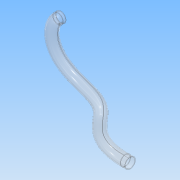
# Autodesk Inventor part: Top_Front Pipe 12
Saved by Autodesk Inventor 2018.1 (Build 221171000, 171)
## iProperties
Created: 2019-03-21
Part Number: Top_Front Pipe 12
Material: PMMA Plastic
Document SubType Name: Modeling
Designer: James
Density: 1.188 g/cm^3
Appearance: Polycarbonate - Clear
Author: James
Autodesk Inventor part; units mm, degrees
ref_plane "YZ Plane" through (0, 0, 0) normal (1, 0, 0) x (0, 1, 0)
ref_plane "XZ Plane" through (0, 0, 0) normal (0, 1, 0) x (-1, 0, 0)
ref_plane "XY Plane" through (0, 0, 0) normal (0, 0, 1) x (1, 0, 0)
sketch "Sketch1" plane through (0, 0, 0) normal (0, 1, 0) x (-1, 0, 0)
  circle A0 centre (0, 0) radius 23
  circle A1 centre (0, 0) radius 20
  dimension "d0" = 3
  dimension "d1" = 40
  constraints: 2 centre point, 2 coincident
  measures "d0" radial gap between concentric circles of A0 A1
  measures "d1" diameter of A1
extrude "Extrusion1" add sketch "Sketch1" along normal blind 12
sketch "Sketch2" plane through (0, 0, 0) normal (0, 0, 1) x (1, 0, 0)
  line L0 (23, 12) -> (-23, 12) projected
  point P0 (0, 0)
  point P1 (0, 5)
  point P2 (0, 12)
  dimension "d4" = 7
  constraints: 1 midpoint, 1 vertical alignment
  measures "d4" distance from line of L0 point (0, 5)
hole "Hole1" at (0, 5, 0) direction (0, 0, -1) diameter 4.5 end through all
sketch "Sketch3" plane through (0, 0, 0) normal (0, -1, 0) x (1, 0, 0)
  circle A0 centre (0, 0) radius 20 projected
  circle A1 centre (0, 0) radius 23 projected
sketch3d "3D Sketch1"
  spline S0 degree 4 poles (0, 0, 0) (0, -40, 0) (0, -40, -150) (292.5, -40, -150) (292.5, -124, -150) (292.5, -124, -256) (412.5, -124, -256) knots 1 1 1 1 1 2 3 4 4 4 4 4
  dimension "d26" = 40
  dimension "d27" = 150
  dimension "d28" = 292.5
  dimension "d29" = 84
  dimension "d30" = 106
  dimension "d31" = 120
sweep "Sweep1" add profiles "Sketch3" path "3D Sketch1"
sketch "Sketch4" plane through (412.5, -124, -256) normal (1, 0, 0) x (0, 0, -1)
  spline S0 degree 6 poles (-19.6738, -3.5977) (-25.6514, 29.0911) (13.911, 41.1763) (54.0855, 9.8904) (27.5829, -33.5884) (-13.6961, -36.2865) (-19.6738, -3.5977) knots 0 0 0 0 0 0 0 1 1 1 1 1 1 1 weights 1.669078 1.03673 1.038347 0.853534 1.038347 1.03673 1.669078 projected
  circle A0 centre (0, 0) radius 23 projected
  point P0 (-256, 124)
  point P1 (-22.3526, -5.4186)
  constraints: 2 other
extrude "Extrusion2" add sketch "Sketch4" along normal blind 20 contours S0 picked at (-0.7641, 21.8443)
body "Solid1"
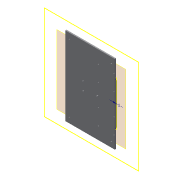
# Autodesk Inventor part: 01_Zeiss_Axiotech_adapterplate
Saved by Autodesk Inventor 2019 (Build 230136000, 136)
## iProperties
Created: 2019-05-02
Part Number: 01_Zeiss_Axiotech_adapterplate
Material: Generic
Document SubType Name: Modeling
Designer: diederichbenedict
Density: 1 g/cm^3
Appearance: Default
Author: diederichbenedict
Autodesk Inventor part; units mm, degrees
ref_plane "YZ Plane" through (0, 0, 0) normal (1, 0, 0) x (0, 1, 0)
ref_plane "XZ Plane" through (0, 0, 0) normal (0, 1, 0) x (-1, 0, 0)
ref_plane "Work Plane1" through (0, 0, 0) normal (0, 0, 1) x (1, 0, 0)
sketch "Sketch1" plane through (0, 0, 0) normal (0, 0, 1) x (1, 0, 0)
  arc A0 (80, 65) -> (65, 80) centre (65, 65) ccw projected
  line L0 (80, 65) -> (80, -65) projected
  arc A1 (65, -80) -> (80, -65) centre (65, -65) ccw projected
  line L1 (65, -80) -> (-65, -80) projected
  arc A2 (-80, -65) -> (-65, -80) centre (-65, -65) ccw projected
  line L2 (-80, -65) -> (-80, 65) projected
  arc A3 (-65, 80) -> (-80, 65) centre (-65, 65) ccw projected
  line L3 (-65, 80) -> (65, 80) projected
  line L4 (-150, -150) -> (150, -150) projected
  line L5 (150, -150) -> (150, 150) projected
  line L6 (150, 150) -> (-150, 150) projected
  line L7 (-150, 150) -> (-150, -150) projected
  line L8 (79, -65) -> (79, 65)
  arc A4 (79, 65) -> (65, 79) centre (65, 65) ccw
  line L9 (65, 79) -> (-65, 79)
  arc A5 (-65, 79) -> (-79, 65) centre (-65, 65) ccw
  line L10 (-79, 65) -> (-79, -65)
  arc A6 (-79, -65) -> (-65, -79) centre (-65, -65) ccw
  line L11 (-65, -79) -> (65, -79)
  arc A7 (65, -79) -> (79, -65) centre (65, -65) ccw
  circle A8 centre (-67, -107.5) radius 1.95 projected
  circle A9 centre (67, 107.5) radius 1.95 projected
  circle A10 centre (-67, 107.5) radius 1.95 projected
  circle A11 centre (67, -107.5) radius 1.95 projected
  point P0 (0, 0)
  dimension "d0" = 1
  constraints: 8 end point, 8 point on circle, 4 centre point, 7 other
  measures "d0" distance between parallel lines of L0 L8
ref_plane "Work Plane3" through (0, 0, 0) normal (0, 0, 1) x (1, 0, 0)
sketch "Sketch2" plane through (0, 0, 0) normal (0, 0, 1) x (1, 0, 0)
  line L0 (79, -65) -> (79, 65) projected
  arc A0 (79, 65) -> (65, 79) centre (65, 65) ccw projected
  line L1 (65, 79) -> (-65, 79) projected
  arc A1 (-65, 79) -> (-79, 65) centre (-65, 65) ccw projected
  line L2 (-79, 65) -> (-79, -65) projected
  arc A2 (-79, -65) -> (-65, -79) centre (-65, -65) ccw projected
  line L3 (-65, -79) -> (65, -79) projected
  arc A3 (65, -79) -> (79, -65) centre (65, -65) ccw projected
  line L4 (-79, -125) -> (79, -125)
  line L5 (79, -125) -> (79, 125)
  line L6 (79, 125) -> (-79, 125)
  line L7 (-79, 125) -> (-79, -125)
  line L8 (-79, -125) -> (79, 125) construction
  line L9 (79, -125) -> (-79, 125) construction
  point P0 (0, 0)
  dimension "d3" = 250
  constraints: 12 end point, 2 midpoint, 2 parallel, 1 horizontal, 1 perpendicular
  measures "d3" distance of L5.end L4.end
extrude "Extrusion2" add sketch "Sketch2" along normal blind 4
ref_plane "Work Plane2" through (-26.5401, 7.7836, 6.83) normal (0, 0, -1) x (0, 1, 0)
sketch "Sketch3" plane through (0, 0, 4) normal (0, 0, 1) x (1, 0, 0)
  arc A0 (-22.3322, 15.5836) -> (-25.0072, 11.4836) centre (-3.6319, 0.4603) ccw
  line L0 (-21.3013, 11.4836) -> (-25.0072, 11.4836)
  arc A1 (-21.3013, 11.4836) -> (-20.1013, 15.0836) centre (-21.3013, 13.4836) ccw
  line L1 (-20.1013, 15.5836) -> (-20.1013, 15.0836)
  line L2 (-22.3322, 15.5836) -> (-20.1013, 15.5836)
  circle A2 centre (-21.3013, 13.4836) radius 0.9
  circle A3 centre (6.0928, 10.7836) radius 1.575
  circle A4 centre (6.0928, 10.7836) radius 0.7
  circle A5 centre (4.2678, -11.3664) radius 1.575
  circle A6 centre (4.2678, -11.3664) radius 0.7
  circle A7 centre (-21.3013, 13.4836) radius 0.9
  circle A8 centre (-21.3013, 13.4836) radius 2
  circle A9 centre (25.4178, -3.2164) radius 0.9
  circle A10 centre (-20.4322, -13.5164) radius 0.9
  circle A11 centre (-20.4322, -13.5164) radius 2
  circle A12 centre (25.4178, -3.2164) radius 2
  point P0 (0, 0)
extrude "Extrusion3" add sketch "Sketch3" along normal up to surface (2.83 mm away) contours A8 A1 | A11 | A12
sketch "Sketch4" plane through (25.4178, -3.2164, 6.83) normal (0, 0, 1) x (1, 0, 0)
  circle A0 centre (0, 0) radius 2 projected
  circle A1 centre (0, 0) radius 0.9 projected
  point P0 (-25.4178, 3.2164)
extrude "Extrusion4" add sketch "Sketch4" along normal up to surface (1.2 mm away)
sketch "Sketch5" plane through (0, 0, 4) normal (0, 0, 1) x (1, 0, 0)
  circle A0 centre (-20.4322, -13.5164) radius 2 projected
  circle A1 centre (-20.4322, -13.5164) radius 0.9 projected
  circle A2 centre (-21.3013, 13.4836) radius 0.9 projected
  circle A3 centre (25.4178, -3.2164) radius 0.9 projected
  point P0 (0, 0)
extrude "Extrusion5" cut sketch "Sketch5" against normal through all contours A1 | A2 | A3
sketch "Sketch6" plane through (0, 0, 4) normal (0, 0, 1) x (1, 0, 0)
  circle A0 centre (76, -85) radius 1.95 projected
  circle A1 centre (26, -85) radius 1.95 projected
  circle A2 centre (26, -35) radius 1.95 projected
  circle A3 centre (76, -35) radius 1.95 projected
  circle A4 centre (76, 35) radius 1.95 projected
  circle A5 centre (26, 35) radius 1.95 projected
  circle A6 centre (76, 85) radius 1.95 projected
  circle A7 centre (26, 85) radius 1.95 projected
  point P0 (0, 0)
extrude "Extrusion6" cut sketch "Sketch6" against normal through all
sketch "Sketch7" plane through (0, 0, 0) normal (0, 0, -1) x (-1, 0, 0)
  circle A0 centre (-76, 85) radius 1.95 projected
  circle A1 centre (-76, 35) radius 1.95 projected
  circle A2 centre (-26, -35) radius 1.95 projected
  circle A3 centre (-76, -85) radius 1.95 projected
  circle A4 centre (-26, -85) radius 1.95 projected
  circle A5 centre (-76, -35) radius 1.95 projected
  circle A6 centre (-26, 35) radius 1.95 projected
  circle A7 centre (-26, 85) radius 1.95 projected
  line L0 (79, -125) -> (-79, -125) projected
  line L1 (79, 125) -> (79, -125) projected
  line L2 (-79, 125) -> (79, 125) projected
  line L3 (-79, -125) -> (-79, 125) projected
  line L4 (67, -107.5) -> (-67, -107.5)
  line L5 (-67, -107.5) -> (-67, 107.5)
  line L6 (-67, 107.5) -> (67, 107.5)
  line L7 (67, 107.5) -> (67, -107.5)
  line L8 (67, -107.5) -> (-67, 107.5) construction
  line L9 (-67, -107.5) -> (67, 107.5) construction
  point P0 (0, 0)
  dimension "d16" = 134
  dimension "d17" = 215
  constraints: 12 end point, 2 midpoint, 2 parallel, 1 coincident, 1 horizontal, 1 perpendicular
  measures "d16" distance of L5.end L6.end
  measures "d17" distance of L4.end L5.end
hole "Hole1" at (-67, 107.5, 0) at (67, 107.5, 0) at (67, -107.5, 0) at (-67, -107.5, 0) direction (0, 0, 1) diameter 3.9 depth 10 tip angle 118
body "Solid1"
::::::::
→ EXERCISE PROMPT
Which lines of the records above hold the word "perpendicular"? Copy each one out.

→ RESPONSE AREA
  constraints: 12 end point, 2 midpoint, 2 parallel, 1 horizontal, 1 perpendicular
  constraints: 12 end point, 2 midpoint, 2 parallel, 1 coincident, 1 horizontal, 1 perpendicular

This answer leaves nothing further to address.